Bezirk | Anzahl Vereine (alle) | Anzahl Vereine (Umfrage) | Anzahl Einwohner | Verhältnis Einwohner / Verein (alle) |
---|---|---|---|---|
Bezirk Mitte | 41 | 21 | 368.122 | 8.978 |
Bezirk Friedrichshain-Kreuzberg | 14 | 6 | 281.076 | 20.076 |
Bezirk Pankow | 10 | 7 | 394.816 | 39.481 |
Bezirk Charlottenburg-Wilmersdorf | 25 | 8 | 334.351 | 13.374 |
Bezirk Spandau | 7 | 4 | 238.278 | 34.039 |
Bezirk Steglitz-Zehlendorf | 19 | 9 | 302.535 | 15.922 |
Bezirk Tempelhof-Schöneberg | 15 | 7 | 345.024 | 23.001 |
Bezirk Neukölln | 10 | 3 | 328.045 | 32.804 |
Bezirk Treptow-Köpenick | 13 | 7 | 257.782 | 19.829 |
Bezirk Marzahn-Hellersdorf | 9 | 6 | 261.954 | 29.106 |
Bezirk Lichtenberg (Hohenschönhausen) | 13 | 7 | 280.721 | 21.593 |
Bezirk Reinickendorf | 5 | 2 | 260.253 | 52.050 |
Berlin (Verein hat keinen Sitz in Berlin) | 21 | 10 | ||
Summe | 202 | 97 |
Einwohnerzahlen - Amt für Statistik Berlin-Brandenburg, 2016
Gründungsjahre:
Überraschend sind die erfassten Gründungsjahre der Vereine. Hier wurde eine Gründungswelle beginnend in den 1970er Jahren erwartet. In den Daten zeigen sich jedoch Anstiege in der Gründungszahl in den 1990er und 2000er Jahren. Erklärt werden kann der Anstieg anhand der politischen Wende in Deutschland und der wachsenden Kollaboration mithilfe der neuen Medien.
Mitglieder:
Die Mitgliederzahlen der Vereine weisen keine auffälligen Zusammenhänge auf. So konnte beispielsweise keine Verbindung zwischen dem Alter und der Größe eines Vereins hergestellt werden. Auch thematisch konnte die Popularität der Themen der Vereine nicht mit den Mitgliederzahlen verknüpft werden. Nicht überraschend ist die Feststellung, dass die meisten Mitglieder der Vereine zwischen 48 und 60 Jahren alt sind. Aufgrund von Berufsleben und Kindererziehung sind jüngere Menschen offensichtlich weniger aktiv in Vereinen. Auch die Vermutung, dass Frauen weniger häufig Mitglieder in einem Verein sind, kann bestätigt werden.

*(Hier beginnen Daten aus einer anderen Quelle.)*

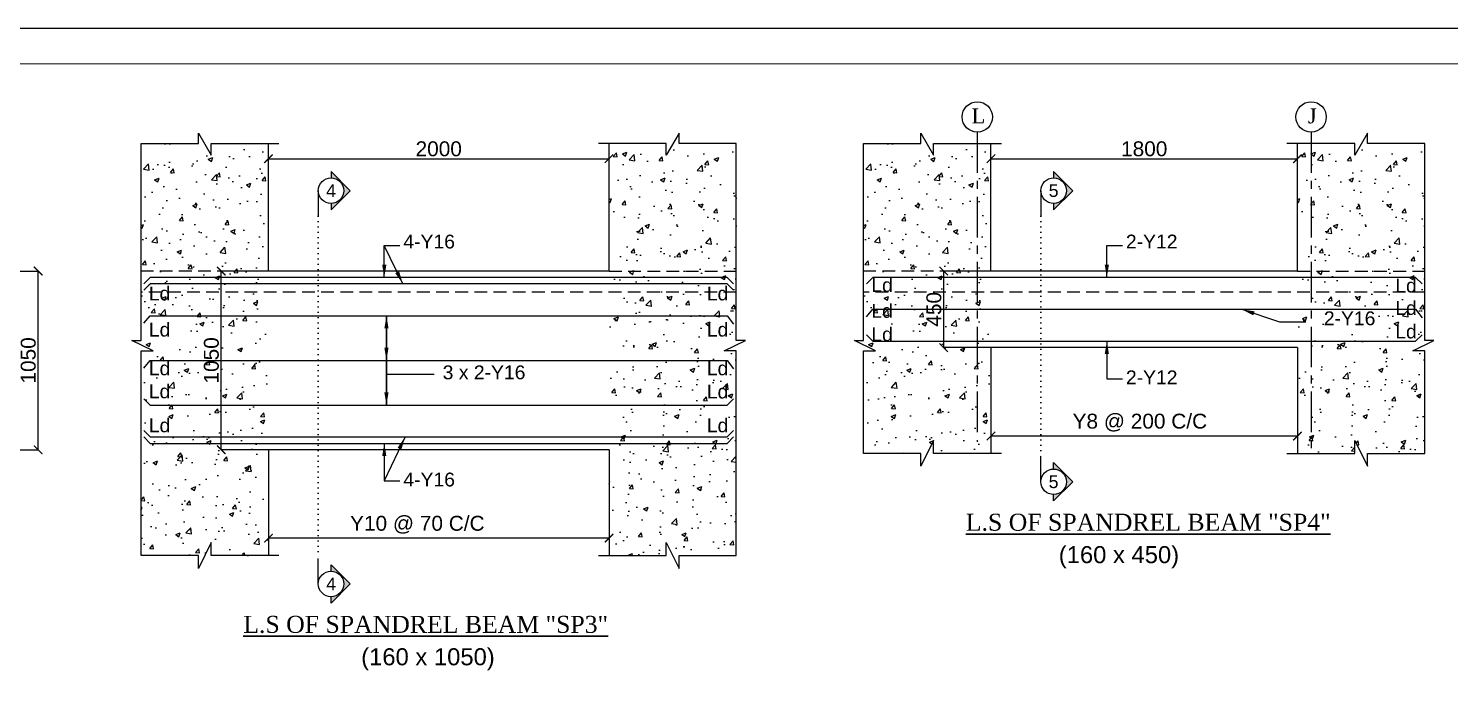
# Model space of a CAD drawing. Header units: inches. Extents: x -4972 to 102986, y -366693 to -295027.
# Drawn here: x 35494 to 68871, y -310752 to -295027 of the extents above; entities that cross this region are included whole.
import ezdxf
from ezdxf.enums import TextEntityAlignment as Align

# ---------------------------------------------------------------- set-up
doc = ezdxf.new("R2010")
doc.units = ezdxf.units.IN
doc.header["$MEASUREMENT"] = 0
for name, pattern in [('CENTER', [50.8, 31.75, -6.35, 6.35, -6.35]), ('DOT', [0.25, 0, -0.25]), ('Hidden', [3, 2, -1])]:
    doc.linetypes.add(name, pattern=pattern)
for name, color, linetype in [('1', 8, 'Continuous'), ('2', 5, 'Continuous'), ('5', 2, 'Continuous'), ('ARROW', 5, 'Continuous'), ('DIM', 251, 'Continuous'), ('GIRD CIR', 1, 'Continuous'), ('GIRD TEXT', 4, 'Continuous'), ('GRID', 8, 'CENTER'), ('REINFORCEMENT', 3, 'Continuous'), ('TEXT-1', 3, 'Continuous')]:
    doc.layers.add(name, color=color, linetype=linetype)
for name, color, linetype, lineweight in [('GRID NO', 4, 'Continuous', 9), ('JKEC COLHAT', 2, 'Continuous', 20), ('text', 4, 'Continuous', 30)]:
    doc.layers.add(name, color=color, linetype=linetype, lineweight=lineweight)
doc.styles.add('T-200', font='arial.ttf', dxfattribs={"height": 300})
doc.styles.add('T200', font='sanss___.ttf', dxfattribs={"height": 275})
doc.styles.add('T300', font='sanss___.ttf', dxfattribs={"height": 350})
doc.styles.add('T400', font='romantic.ttf')
doc.dimstyles.new('SCALE 25', dxfattribs={"dimtxt": 500, "dimasz": 200, "dimexe": 6, "dimexo": 0, "dimgap": 50, "dimtad": 1, "dimdec": 0, "dimlfac": 0.25, "dimrnd": 5, "dimzin": 3, "dimdsep": 46, "dimtxsty": 'T300', "dimblk": 'ARCHTICK', "dimcen": 0.09, "dimclrd": 5, "dimclre": 8, "dimclrt": 1, "dimadec": 0, "dimazin": 0, "dimtfac": 1, "dimtdec": 0, "dimtix": 1, "dimtofl": 0, "dimtmove": 2, "dimatfit": 3, "dimfxl": 1, "dimtolj": 1, "dimtzin": 0, "dimlwd": -1, "dimlwe": -1, "dimarcsym": 0})
doc.dimstyles.new('T200', dxfattribs={"dimtxt": 275, "dimasz": 250, "dimexe": 0, "dimexo": 0, "dimgap": 5, "dimtad": 1, "dimdec": 0, "dimrnd": 5, "dimzin": 0, "dimdsep": 46, "dimtxsty": 'T200', "dimblk": 'ARCHTICK', "dimcen": 300, "dimclrd": 5, "dimclre": 252, "dimclrt": 1, "dimadec": 0, "dimazin": 0, "dimtfac": 50, "dimtdec": 0, "dimtofl": 0, "dimtmove": 2, "dimatfit": 3, "dimfxl": 1, "dimtolj": 1, "dimtzin": 0, "dimarcsym": 2})

# ---------------------------------------------------------------- blocks, each defined once
blk = doc.blocks.new('_ARCHTICK')
at = {"color": 0, "linetype": 'ByBlock', "const_width": 0.15}
blk.add_lwpolyline([(-0.5, -0.5), (0.5, 0.5)], dxfattribs=at)
blk = doc.blocks.new('*D23')
at = {"layer": 'Defpoints', "color": 0}
for p in [(34440, -300728), (35722, -300728), (34440, -304928)]:
    blk.add_point(p, dxfattribs=at)
at = {"layer": 'DIM', "color": 8}
for p, q in [((34440, -300728), (35728, -300728)), ((34440, -304928), (35728, -304928))]:
    blk.add_line(p, q, dxfattribs=at)
at = {"layer": 'DIM', "color": 5}
blk.add_line((35722, -304928), (35722, -300728), dxfattribs=at)
at = {"layer": 'DIM', "color": 5, "xscale": 200, "yscale": 200, "zscale": 200}
for p, rotation in [((35722, -300728), 90), ((35722, -304928), 270)]:
    blk.add_blockref('_ARCHTICK', p, dxfattribs=dict(at, rotation=rotation))
at = {"layer": 'DIM', "color": 1, "insert": (35491, -302828), "char_height": 350, "attachment_point": 5, "rotation": 90, "style": 'T300'}
blk.add_mtext('\\A1;1050', dxfattribs=at)
blk = doc.blocks.new('*D28')
at = {"layer": 'Defpoints', "color": 0}
for p in [(40021, -300728), (41130, -300728), (41130, -304928)]:
    blk.add_point(p, dxfattribs=at)
at = {"layer": 'DIM', "color": 8}
for p, q in [((41130, -300728), (40015, -300728)), ((41130, -304928), (40015, -304928))]:
    blk.add_line(p, q, dxfattribs=at)
at = {"layer": 'DIM', "color": 5}
blk.add_line((40021, -304928), (40021, -300728), dxfattribs=at)
at = {"layer": 'DIM', "color": 5, "xscale": 200, "yscale": 200, "zscale": 200}
for p, rotation in [((40021, -300728), 90), ((40021, -304928), 270)]:
    blk.add_blockref('_ARCHTICK', p, dxfattribs=dict(at, rotation=rotation))
at = {"layer": 'DIM', "color": 1, "insert": (39791, -302828), "char_height": 350, "attachment_point": 5, "rotation": 90, "style": 'T300'}
blk.add_mtext('\\A1;1050', dxfattribs=at)
blk = doc.blocks.new('*D29')
at = {"layer": 'Defpoints', "color": 0}
for p in [(41130, -304928), (49130, -304928), (41130, -307006)]:
    blk.add_point(p, dxfattribs=at)
at = {"layer": 'DIM', "color": 8}
for p, q in [((41130, -304928), (41130, -307012)), ((49130, -304928), (49130, -307012))]:
    blk.add_line(p, q, dxfattribs=at)
at = {"layer": 'DIM', "color": 5}
blk.add_line((49130, -307006), (41130, -307006), dxfattribs=at)
at = {"layer": 'DIM', "color": 5, "xscale": 200, "yscale": 200, "zscale": 200, "rotation": 180}
blk.add_blockref('_ARCHTICK', (41130, -307006), dxfattribs=at)
at = {"layer": 'DIM', "color": 5, "xscale": 200, "yscale": 200, "zscale": 200}
blk.add_blockref('_ARCHTICK', (49130, -307006), dxfattribs=at)
at = {"layer": 'DIM', "color": 1, "insert": (44628, -306691), "char_height": 350, "attachment_point": 5, "style": 'T300'}
blk.add_mtext('\\A1;Y10 @ 70 C/C', dxfattribs=at)
blk = doc.blocks.new('*D30')
at = {"layer": 'Defpoints', "color": 0}
for p in [(41130, -298089), (49130, -298089), (49130, -298089)]:
    blk.add_point(p, dxfattribs=at)
at = {"layer": 'DIM', "color": 8}
for p, q in [((41130, -298089), (41130, -298083)), ((49130, -298089), (49130, -298083))]:
    blk.add_line(p, q, dxfattribs=at)
at = {"layer": 'DIM', "color": 5}
blk.add_line((41130, -298089), (49130, -298089), dxfattribs=at)
at = {"layer": 'DIM', "color": 5, "xscale": 200, "yscale": 200, "zscale": 200, "rotation": 180}
blk.add_blockref('_ARCHTICK', (41130, -298089), dxfattribs=at)
at = {"layer": 'DIM', "color": 5, "xscale": 200, "yscale": 200, "zscale": 200}
blk.add_blockref('_ARCHTICK', (49130, -298089), dxfattribs=at)
at = {"layer": 'DIM', "color": 1, "insert": (45130, -297858), "char_height": 350, "attachment_point": 5, "style": 'T300'}
blk.add_mtext('\\A1;2000', dxfattribs=at)
blk = doc.blocks.new('*D33')
at = {"layer": 'Defpoints', "color": 0}
for p in [(56990, -300728), (58099, -300728), (58099, -302528)]:
    blk.add_point(p, dxfattribs=at)
at = {"layer": 'DIM', "color": 8}
for p, q in [((58099, -300728), (56984, -300728)), ((58099, -302528), (56984, -302528))]:
    blk.add_line(p, q, dxfattribs=at)
at = {"layer": 'DIM', "color": 5}
blk.add_line((56990, -302528), (56990, -300728), dxfattribs=at)
at = {"layer": 'DIM', "color": 5, "xscale": 200, "yscale": 200, "zscale": 200}
for p, rotation in [((56990, -300728), 90), ((56990, -302528), 270)]:
    blk.add_blockref('_ARCHTICK', p, dxfattribs=dict(at, rotation=rotation))
at = {"layer": 'DIM', "color": 1, "insert": (56760, -301628), "char_height": 350, "attachment_point": 5, "rotation": 90, "style": 'T300'}
blk.add_mtext('\\A1;450', dxfattribs=at)
blk = doc.blocks.new('*D34')
at = {"layer": 'Defpoints', "color": 0}
for p in [(58099, -302528), (65299, -302528), (58099, -304606)]:
    blk.add_point(p, dxfattribs=at)
at = {"layer": 'DIM', "color": 8}
for p, q in [((58099, -302528), (58099, -304612)), ((65299, -302528), (65299, -304612))]:
    blk.add_line(p, q, dxfattribs=at)
at = {"layer": 'DIM', "color": 5}
blk.add_line((65299, -304606), (58099, -304606), dxfattribs=at)
at = {"layer": 'DIM', "color": 5, "xscale": 200, "yscale": 200, "zscale": 200, "rotation": 180}
blk.add_blockref('_ARCHTICK', (58099, -304606), dxfattribs=at)
at = {"layer": 'DIM', "color": 5, "xscale": 200, "yscale": 200, "zscale": 200}
blk.add_blockref('_ARCHTICK', (65299, -304606), dxfattribs=at)
at = {"layer": 'DIM', "color": 1, "insert": (61597, -304291), "char_height": 350, "attachment_point": 5, "style": 'T300'}
blk.add_mtext('\\A1;Y8 @ 200 C/C', dxfattribs=at)
blk = doc.blocks.new('*D35')
at = {"layer": 'Defpoints', "color": 0}
for p in [(58099, -298089), (65299, -298089), (65299, -298089)]:
    blk.add_point(p, dxfattribs=at)
at = {"layer": 'DIM', "color": 8}
for p, q in [((58099, -298089), (58099, -298083)), ((65299, -298089), (65299, -298083))]:
    blk.add_line(p, q, dxfattribs=at)
at = {"layer": 'DIM', "color": 5}
blk.add_line((58099, -298089), (65299, -298089), dxfattribs=at)
at = {"layer": 'DIM', "color": 5, "xscale": 200, "yscale": 200, "zscale": 200, "rotation": 180}
blk.add_blockref('_ARCHTICK', (58099, -298089), dxfattribs=at)
at = {"layer": 'DIM', "color": 5, "xscale": 200, "yscale": 200, "zscale": 200}
blk.add_blockref('_ARCHTICK', (65299, -298089), dxfattribs=at)
at = {"layer": 'DIM', "color": 1, "insert": (61699, -297858), "char_height": 350, "attachment_point": 5, "style": 'T300'}
blk.add_mtext('\\A1;1800', dxfattribs=at)

msp = doc.modelspace()

# ---------------------------------------------------------------- hatches: boundary and pattern name
at = {"layer": '1'}
h = msp.add_hatch(dxfattribs=at)
h.set_pattern_fill('AR-CONC', color=256, scale=150, style=0)
h.set_pattern_definition([(50, (-131806.8, -148052.64), (1075.8903, -94.1282), [112.5, -1237.5]), (355, (-131806.8, -148052.6), (-208.127, 1128.288), [90, -990]), (100.45144, (-131717.1, -148060.5), (867.7633, 1034.16), [95.6103, -1051.713]), (46.1842, (-131806.8, -147752.6), (1600.862, -248.279), [168.75, -1856.25]), (96.6356, (-131673.4, -147773.3), (1401.993, 1461.178), [143.416, -1577.571]), (351.1842, (-131806.8, -147752.6), (1401.993, 1461.178), [135, -1485]), (21, (-131656.8, -147827.64), (895.3606, -603.9283), [112.5, -1237.5]), (326, (-131656.8, -147827.6), (364.973, 1087.725), [90, -990]), (71.45144, (-131582.2, -147878), (1260.3336, 483.7967), [95.6103, -1051.713]), (37.5, (-131806.78, -148052.64), (18.2398, 499.3408), [0, -978, 0, -1005, 0, -993.75]), (7.5, (-131806.8, -148052.64), (394.6043, 591.6176), [0, -573, 0, -955.5, 0, -378.75]), (327.5, (-132141.28, -148052.64), (800.73365, -33.8323), [0, -375, 0, -1170, 0, -1552.5]), (317.5, (-132291.3, -148052.64), (874.7793, 150.1575), [0, -487.5, 0, -777, 0, -1102.5])])
h.paths.add_polyline_path([(41129.5, -297728.2), (39784.5, -297728.2), (39784.5, -298007.7), (39484.5, -297485.7), (39484.5, -297728.2), (38139.5, -297728.2), (38139.5, -300928.2), (41129.5, -300928.2)])
h.paths.add_polyline_path([(41129.5, -300928.2), (38139.5, -300928.2), (38139.5, -301448.2), (41129.5, -301448.2)])
h.paths.add_polyline_path([(38139.5, -307416.3), (39484.5, -307416.3), (39484.5, -307715.8), (39784.5, -307110.8), (39784.5, -307416.3), (41129.5, -307416.3), (41129.5, -301448.2), (38139.5, -301448.2), (38139.5, -302362.3), (37925, -302362.3), (38422, -302606.3), (38139.5, -302606.3)])
h = msp.add_hatch(dxfattribs=at)
h.set_pattern_fill('AR-CONC', color=256, scale=150, style=0)
h.set_pattern_definition([(50, (-129806.8, -148052.64), (1075.8903, -94.1282), [112.5, -1237.5]), (355, (-129806.8, -148052.6), (-208.127, 1128.288), [90, -990]), (100.45144, (-129717.1, -148060.5), (867.7633, 1034.16), [95.6103, -1051.713]), (46.1842, (-129806.8, -147752.6), (1600.862, -248.279), [168.75, -1856.25]), (96.6356, (-129673.4, -147773.3), (1401.993, 1461.178), [143.416, -1577.571]), (351.1842, (-129806.8, -147752.6), (1401.993, 1461.178), [135, -1485]), (21, (-129656.8, -147827.64), (895.3606, -603.9283), [112.5, -1237.5]), (326, (-129656.8, -147827.6), (364.973, 1087.725), [90, -990]), (71.45144, (-129582.2, -147878), (1260.3336, 483.7967), [95.6103, -1051.713]), (37.5, (-129806.78, -148052.64), (18.2398, 499.3408), [0, -978, 0, -1005, 0, -993.75]), (7.5, (-129806.8, -148052.64), (394.6043, 591.6176), [0, -573, 0, -955.5, 0, -378.75]), (327.5, (-130141.28, -148052.64), (800.73365, -33.8323), [0, -375, 0, -1170, 0, -1552.5]), (317.5, (-130291.3, -148052.64), (874.7793, 150.1575), [0, -487.5, 0, -777, 0, -1102.5])])
h.paths.add_polyline_path([(49129.5, -297928.2), (50474.5, -297928.2), (50624.5, -298228.2), (50624.5, -297628.2), (50774.5, -297928.2), (52119.5, -297928.2), (52119.5, -300928.2), (49129.5, -300928.2)])
h.paths.add_polyline_path([(49129.5, -300928.2), (52119.5, -300928.2), (52119.5, -301448.2), (49129.5, -301448.2)])
h.paths.add_polyline_path([(52119.5, -307416.3), (50774.5, -307416.3), (50774.5, -307715.8), (50474.5, -307110.8), (50474.5, -307416.3), (49129.5, -307416.3), (49129.5, -301448.2), (52119.5, -301448.2), (52119.5, -302362.3), (52334, -302362.3), (51837, -302606.3), (52119.5, -302606.3)])
h = msp.add_hatch(dxfattribs=at)
h.set_pattern_fill('AR-CONC', color=256, scale=150, style=0)
h.set_pattern_definition([(50, (-114837.3, -148052.64), (1075.8903, -94.1282), [112.5, -1237.5]), (355, (-114837.3, -148052.6), (-208.127, 1128.288), [90, -990]), (100.45144, (-114747.6, -148060.5), (867.7633, 1034.16), [95.6103, -1051.713]), (46.1842, (-114837.3, -147752.6), (1600.862, -248.279), [168.75, -1856.25]), (96.6356, (-114703.9, -147773.3), (1401.993, 1461.178), [143.416, -1577.571]), (351.1842, (-114837.3, -147752.6), (1401.993, 1461.178), [135, -1485]), (21, (-114687.3, -147827.64), (895.3606, -603.9283), [112.5, -1237.5]), (326, (-114687.3, -147827.6), (364.973, 1087.725), [90, -990]), (71.45144, (-114612.7, -147878), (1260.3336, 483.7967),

Veranstaltungen und Internetauftritt:
Die Vereine bieten eine Vielzahl von öffentlichen Veranstaltungen an, die von Führungen bis hin zu regulären Vereinsstammtischen reichen. Dabei sehen die meisten Vereine die Anwendung von wissenschaftlichen Arbeitsweisen in ihrem Verein als bedeutend an. Auch geben fast alle Vereine eine Form von Veröffentlichung heraus. Alle Vereine sind über das Internet erreichbar und über die Hälfte bieten weitere Angebote über Social Media an.
Weitere Forschung notwendig:
Im Jahr 2018 werden detailliertere Zusammenfassungen der Ergebnisse in die Webseite eingearbeitet. In der zweiten Jahreshälfte ist eine Kontaktierung und Befragung der Vereine geplant, die sich bisher nicht an der Umfrage beteiligt haben.